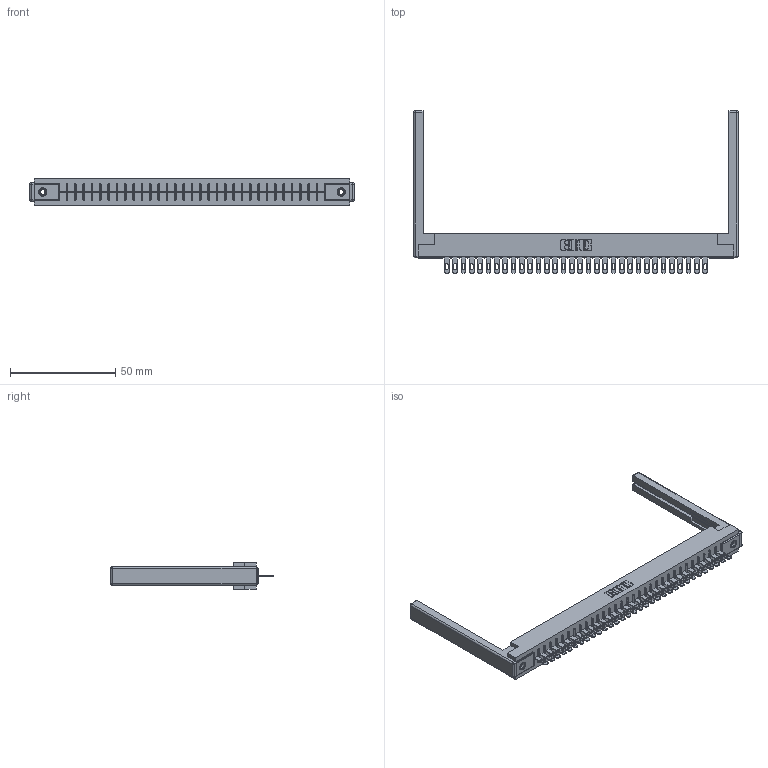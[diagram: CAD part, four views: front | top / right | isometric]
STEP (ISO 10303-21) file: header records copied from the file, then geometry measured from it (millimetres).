
FILE_DESCRIPTION (( 'STEP AP203' ), '1' );
FILE_NAME ('356-032-500-168.STEP', '2018-08-01T21:13:47', ( '' ), ( '' ), 'SwSTEP 2.0', 'SolidWorks 2016', '' );
FILE_SCHEMA (( 'CONFIG_CONTROL_DESIGN' ));
Length unit declared in the file: inch
Products named in the file (5): 306 Part_.156 Dia; 306-290-001_100; 345-250-001_345-250-001-102; 307-220-068; 356-032-500-168
Assembly tree (37 placements, depth 2):
  356-032-500-168
    306 Part_.156 Dia
    306-290-001_100  x32
    345-250-001_345-250-001-102  x2
    307-220-068  x2
Bounding box: 154.23 x 77.17 x 12.7 mm (x, y, z)
Volume: 21427.1 mm3; surface area: 22034.7 mm2
Topology: 37 solids, 37 shells, 2702 faces, 7586 edges, 4864 vertices
Faces by surface type: plane 1756, cylinder 794, sphere 136, cone 12, torus 4
Entity records: 34060 total; most frequent: CARTESIAN_POINT 5684, ORIENTED_EDGE 5626, DIRECTION 5619, EDGE_CURVE 2813, LINE 2189, VECTOR 2189, VERTEX_POINT 1780, AXIS2_PLACEMENT_3D 1715

^^^^^^^^

**Exercise:**
Among the lines above, which ones hold the string "surface"? Show them.

**Exercise result:**
Volume: 21427.1 mm3; surface area: 22034.7 mm2
Faces by surface type: plane 1756, cylinder 794, sphere 136, cone 12, torus 4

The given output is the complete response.